**Work to be completed**:
Pictures stay out; everything else from the first line of the entries down through the line with "normal blind 25" gets copied exactly.

---------- Source records ----------

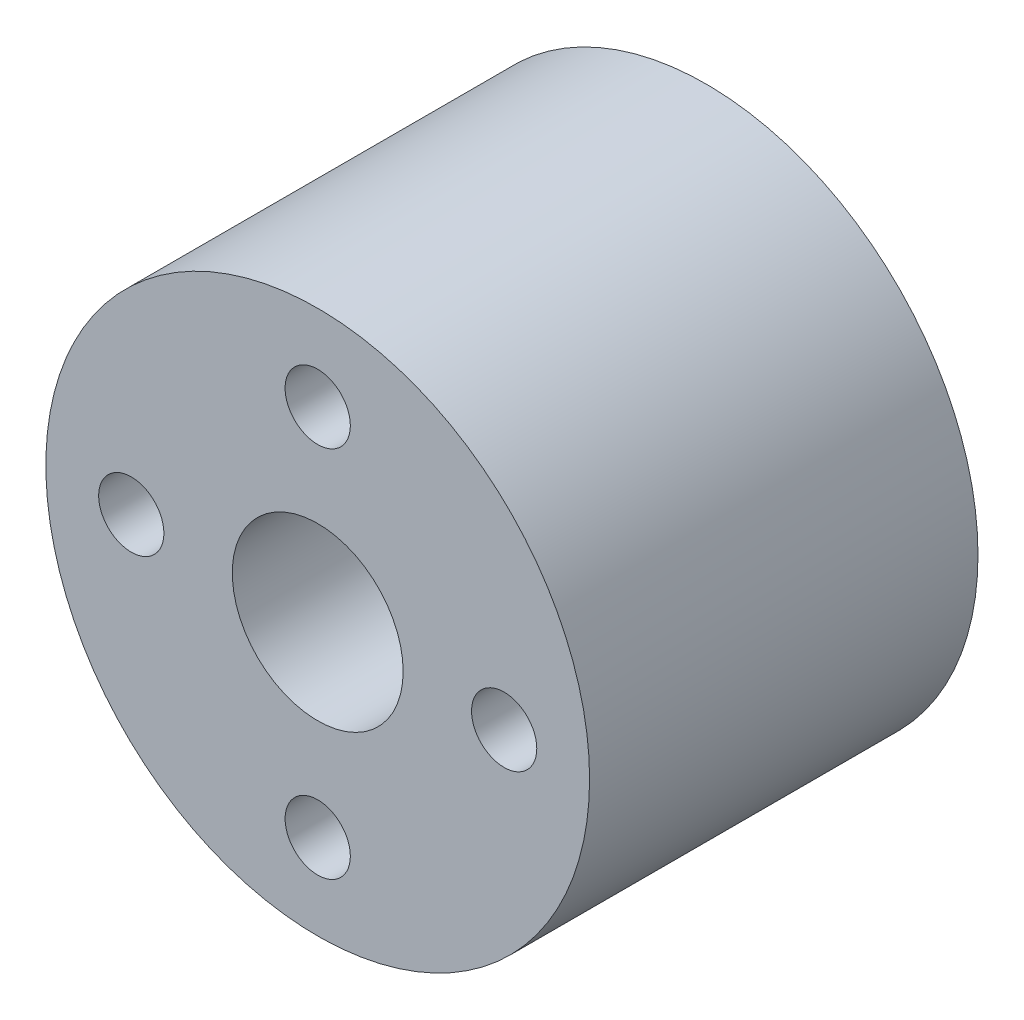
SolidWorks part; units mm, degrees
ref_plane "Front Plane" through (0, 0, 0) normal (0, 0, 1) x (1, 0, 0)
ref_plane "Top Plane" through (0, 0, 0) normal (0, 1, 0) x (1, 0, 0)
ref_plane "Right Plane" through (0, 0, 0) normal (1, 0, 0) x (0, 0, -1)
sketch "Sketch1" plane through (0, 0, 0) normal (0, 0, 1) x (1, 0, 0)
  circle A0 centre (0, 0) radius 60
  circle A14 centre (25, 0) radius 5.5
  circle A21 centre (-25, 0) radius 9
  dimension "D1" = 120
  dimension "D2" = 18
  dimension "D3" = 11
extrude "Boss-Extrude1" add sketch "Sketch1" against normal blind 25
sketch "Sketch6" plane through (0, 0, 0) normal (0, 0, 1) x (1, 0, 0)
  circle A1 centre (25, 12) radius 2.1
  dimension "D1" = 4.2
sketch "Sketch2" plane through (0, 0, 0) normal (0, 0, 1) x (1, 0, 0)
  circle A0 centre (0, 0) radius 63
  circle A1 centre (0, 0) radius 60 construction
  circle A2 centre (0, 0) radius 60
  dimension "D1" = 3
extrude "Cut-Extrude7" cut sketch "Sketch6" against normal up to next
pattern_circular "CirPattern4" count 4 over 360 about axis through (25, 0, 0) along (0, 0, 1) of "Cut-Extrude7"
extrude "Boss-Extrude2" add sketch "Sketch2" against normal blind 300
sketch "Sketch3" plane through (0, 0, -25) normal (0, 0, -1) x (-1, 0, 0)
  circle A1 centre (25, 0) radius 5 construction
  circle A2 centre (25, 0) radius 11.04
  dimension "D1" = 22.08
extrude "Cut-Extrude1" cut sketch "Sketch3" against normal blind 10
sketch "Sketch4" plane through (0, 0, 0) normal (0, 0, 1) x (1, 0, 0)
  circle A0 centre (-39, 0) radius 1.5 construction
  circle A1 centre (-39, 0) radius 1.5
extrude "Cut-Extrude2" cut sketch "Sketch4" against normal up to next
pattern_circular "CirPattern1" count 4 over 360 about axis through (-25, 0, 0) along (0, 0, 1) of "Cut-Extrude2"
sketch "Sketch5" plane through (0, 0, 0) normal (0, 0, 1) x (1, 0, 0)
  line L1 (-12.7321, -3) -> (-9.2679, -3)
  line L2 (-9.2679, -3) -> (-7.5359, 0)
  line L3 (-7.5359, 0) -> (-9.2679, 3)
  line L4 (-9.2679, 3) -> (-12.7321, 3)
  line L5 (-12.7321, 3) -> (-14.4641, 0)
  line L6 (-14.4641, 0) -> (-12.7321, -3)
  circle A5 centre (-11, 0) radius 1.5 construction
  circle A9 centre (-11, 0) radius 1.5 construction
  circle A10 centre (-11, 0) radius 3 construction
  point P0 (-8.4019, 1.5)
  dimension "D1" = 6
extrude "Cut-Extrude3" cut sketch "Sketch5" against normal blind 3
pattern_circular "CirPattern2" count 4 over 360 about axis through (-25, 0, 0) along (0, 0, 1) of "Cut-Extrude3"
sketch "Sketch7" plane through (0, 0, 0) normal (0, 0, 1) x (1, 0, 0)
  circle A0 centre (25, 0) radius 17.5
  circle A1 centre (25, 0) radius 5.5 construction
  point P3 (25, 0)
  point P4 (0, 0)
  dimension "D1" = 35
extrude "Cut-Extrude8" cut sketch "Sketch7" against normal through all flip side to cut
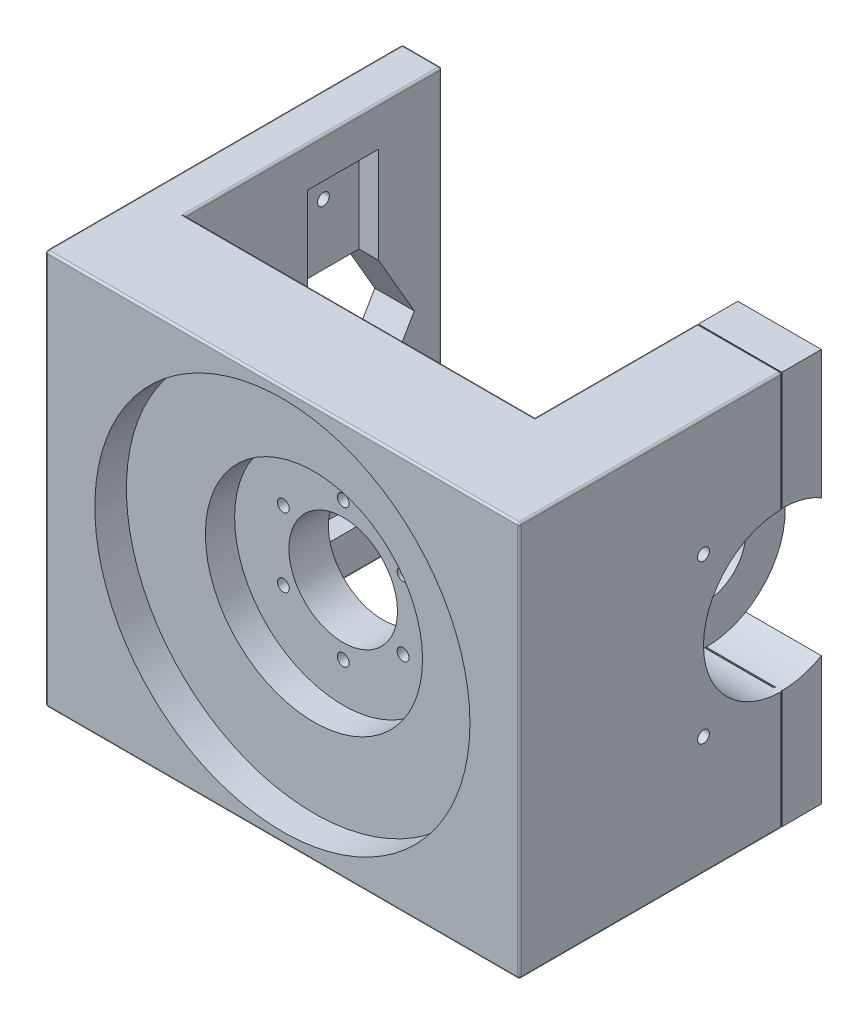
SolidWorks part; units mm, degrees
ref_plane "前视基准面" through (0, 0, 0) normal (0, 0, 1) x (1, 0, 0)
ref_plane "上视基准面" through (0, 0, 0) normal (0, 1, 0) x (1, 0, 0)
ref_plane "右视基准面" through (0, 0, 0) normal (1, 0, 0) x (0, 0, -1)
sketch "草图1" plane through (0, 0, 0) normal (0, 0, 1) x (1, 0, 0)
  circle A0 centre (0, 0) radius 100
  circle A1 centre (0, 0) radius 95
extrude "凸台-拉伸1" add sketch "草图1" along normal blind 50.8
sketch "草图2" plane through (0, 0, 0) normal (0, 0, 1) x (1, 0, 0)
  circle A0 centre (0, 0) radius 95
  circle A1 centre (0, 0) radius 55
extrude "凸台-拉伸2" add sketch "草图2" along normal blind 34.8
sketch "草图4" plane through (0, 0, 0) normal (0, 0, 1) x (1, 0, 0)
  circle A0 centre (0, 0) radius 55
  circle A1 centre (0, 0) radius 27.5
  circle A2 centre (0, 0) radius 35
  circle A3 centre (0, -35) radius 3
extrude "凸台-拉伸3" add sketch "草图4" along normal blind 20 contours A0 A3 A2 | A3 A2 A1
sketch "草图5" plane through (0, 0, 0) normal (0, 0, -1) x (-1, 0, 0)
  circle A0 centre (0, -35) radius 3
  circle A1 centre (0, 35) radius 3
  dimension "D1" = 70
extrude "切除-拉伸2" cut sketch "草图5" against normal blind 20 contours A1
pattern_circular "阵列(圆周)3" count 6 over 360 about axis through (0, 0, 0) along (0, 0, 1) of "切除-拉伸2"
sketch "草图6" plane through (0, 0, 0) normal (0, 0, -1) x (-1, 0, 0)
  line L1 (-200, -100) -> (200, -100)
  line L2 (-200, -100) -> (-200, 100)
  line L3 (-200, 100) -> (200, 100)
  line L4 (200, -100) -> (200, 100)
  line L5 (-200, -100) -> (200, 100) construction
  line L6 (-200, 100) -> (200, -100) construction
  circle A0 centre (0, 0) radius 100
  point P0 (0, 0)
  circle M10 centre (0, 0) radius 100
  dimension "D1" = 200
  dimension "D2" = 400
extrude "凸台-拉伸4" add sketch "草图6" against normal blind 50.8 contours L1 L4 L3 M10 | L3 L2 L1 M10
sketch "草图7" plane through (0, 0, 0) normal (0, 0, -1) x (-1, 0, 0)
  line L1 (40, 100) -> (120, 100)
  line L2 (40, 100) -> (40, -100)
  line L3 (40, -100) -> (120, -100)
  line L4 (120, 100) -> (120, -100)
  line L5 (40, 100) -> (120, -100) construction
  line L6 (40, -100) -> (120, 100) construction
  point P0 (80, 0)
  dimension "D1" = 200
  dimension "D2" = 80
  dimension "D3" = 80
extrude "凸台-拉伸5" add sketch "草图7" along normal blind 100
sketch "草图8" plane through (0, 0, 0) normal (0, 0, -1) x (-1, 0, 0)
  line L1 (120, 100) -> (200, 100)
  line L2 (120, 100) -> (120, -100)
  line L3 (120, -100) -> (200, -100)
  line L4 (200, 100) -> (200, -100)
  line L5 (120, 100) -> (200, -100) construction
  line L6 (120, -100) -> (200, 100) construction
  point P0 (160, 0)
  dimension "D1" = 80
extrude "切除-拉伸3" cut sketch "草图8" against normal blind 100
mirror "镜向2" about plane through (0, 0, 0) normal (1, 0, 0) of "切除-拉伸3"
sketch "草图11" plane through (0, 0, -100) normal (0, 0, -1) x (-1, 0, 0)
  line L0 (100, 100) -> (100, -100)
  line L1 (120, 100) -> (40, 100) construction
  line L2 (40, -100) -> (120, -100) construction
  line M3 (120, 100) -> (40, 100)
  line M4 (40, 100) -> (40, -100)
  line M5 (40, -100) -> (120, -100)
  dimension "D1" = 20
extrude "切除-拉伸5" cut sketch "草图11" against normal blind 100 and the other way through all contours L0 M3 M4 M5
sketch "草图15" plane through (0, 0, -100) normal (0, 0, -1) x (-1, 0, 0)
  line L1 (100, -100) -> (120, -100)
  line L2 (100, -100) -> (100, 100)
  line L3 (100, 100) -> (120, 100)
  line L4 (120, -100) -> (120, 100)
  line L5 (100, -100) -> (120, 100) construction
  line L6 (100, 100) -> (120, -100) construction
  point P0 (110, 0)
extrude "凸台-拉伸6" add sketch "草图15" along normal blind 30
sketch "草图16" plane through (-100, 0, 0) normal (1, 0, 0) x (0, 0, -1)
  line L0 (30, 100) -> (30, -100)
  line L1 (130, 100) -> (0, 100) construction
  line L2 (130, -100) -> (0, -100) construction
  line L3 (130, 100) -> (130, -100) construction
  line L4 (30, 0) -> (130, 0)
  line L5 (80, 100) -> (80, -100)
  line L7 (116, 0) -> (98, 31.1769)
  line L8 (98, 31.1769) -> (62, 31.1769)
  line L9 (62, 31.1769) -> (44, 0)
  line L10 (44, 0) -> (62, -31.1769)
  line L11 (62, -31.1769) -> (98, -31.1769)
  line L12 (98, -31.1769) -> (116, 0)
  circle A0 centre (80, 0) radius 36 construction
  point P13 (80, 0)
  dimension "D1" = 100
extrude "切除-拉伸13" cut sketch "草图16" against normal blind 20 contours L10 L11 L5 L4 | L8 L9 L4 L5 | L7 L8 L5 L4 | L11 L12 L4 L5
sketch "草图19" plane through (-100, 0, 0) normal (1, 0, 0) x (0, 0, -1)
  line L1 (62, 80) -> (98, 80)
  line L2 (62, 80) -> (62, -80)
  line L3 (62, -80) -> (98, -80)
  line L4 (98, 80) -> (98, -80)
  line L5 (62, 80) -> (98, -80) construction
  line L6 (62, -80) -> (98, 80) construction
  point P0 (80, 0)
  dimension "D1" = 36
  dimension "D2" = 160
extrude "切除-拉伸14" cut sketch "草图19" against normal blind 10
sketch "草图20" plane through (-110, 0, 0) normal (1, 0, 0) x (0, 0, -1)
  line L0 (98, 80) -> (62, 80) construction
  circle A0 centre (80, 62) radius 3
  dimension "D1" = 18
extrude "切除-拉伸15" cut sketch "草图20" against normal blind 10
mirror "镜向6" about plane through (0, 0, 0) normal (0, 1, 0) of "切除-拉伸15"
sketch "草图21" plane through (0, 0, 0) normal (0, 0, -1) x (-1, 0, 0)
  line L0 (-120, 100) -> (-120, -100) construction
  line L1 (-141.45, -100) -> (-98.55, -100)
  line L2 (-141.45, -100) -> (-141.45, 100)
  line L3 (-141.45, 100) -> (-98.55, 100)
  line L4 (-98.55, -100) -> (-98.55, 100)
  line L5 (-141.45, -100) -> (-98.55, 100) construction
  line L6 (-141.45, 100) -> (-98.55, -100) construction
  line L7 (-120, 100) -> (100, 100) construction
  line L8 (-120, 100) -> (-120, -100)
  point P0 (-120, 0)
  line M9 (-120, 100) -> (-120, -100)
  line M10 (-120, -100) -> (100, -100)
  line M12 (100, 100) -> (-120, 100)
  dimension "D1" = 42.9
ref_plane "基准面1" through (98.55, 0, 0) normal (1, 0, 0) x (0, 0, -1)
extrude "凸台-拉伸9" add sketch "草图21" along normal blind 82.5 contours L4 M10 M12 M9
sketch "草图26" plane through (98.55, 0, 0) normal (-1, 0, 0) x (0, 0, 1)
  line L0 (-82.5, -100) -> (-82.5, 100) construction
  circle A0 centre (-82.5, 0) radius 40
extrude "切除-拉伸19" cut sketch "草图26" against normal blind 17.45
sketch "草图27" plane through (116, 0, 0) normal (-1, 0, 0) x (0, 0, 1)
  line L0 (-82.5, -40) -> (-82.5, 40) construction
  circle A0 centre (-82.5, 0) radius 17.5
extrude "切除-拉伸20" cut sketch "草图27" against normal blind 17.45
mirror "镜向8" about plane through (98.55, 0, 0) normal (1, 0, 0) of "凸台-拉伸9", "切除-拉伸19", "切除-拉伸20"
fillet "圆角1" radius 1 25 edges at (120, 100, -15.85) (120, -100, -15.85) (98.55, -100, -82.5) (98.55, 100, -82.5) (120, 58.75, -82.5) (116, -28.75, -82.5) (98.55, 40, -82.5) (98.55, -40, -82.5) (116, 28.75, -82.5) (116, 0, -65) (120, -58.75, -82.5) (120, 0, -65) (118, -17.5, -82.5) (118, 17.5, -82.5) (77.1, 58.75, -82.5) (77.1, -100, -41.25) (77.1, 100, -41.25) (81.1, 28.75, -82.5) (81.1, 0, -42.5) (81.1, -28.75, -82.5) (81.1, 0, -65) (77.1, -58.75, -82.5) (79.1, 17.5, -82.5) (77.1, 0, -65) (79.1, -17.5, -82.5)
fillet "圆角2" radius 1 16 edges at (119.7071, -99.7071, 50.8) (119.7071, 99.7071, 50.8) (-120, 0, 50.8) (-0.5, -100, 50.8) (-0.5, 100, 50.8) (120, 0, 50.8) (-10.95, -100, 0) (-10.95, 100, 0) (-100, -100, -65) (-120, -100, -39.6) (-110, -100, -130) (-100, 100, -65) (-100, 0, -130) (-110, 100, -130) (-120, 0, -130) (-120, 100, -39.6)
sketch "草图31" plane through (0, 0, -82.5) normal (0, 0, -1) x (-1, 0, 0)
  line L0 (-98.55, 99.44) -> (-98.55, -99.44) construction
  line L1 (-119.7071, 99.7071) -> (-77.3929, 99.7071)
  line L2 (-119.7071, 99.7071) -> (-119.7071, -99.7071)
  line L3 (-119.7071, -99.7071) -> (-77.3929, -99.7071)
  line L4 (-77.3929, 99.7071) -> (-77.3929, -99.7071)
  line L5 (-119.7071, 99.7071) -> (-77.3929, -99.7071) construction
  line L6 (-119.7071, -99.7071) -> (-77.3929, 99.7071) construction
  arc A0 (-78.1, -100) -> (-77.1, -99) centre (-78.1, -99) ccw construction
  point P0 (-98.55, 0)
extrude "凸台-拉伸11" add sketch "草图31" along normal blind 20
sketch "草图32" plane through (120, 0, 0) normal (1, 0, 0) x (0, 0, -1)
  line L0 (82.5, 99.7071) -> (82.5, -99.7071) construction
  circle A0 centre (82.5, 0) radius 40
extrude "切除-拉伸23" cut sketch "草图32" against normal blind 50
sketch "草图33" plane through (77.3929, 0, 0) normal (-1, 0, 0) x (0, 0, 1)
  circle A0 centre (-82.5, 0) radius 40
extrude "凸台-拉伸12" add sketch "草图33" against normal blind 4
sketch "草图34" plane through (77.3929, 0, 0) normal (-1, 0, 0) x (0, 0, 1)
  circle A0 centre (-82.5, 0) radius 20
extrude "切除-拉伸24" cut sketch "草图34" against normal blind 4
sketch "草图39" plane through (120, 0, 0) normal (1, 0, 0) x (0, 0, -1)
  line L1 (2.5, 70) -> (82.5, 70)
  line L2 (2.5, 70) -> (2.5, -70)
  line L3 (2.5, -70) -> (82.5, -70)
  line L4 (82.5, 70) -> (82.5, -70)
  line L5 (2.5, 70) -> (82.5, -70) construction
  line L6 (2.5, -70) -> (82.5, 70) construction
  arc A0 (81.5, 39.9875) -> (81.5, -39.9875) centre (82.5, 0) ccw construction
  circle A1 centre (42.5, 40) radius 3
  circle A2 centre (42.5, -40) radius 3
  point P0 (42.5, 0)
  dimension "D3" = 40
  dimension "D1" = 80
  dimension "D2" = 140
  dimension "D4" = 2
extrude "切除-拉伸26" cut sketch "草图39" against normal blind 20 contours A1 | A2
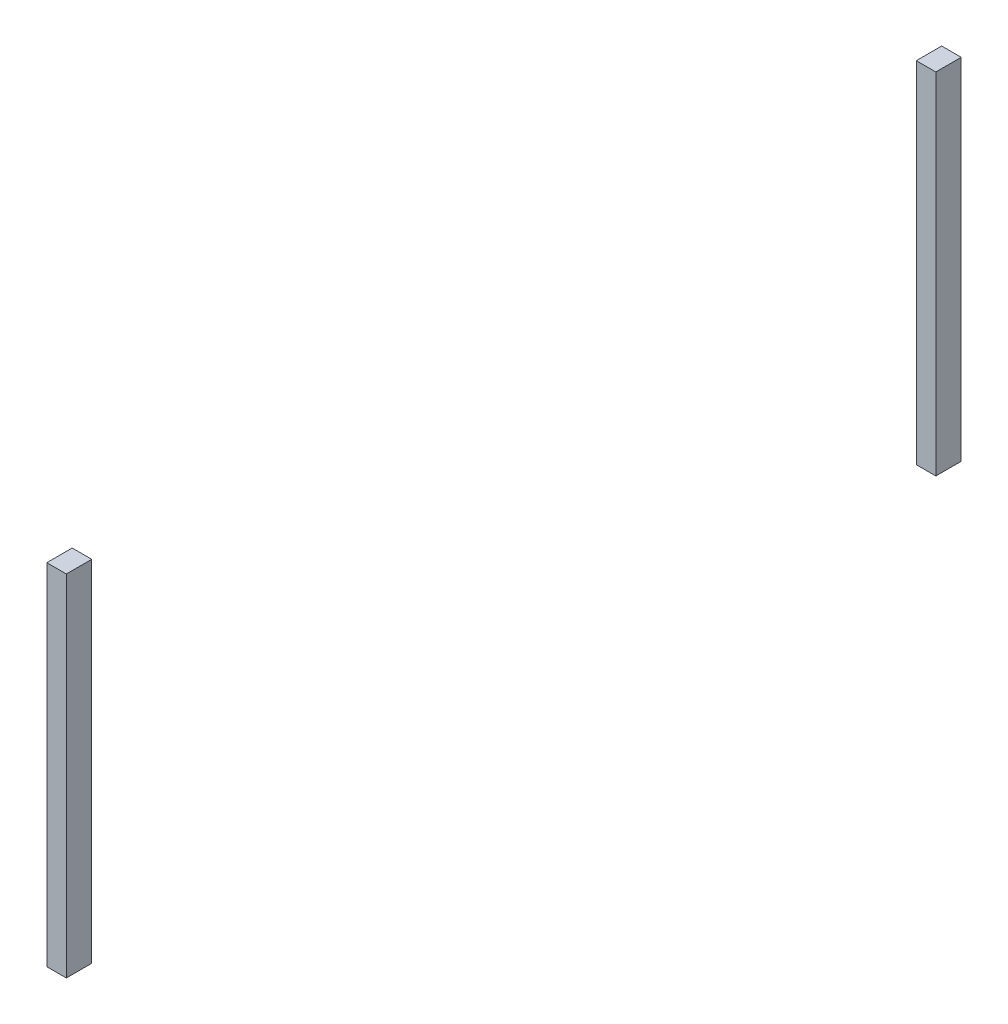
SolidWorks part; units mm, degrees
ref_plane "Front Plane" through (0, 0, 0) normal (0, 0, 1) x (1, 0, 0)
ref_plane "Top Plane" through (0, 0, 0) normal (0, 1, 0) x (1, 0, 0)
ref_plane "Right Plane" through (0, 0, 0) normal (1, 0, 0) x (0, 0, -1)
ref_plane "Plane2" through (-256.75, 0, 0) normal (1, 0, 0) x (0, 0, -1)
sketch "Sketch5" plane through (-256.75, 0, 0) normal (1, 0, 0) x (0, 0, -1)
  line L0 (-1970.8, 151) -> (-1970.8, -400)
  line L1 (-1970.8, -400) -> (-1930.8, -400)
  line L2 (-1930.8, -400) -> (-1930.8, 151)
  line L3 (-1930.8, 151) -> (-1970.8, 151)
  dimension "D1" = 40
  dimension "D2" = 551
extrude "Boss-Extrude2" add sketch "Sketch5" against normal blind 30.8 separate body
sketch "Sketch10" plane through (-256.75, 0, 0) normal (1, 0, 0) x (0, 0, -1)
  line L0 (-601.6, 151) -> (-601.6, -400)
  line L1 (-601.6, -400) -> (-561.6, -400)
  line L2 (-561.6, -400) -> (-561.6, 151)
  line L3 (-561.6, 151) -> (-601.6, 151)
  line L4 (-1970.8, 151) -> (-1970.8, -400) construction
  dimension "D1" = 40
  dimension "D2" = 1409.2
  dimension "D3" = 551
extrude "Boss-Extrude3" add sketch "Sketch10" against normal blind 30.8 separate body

----------

**Result for this task**:
SolidWorks part; units mm, degrees
ref_plane "Front Plane" through (0, 0, 0) normal (0, 0, 1) x (1, 0, 0)
ref_plane "Top Plane" through (0, 0, 0) normal (0, 1, 0) x (1, 0, 0)
ref_plane "Right Plane" through (0, 0, 0) normal (1, 0, 0) x (0, 0, -1)
sketch "Sketch1" plane through (0, 0, 0) normal (0, 0, 1) x (1, 0, 0)
  circle A0 centre (0, 0) radius 60
  circle A14 centre (25, 0) radius 5.5
  circle A21 centre (-25, 0) radius 9
  dimension "D1" = 120
  dimension "D2" = 18
  dimension "D3" = 11
extrude "Boss-Extrude1" add sketch "Sketch1" against normal blind 25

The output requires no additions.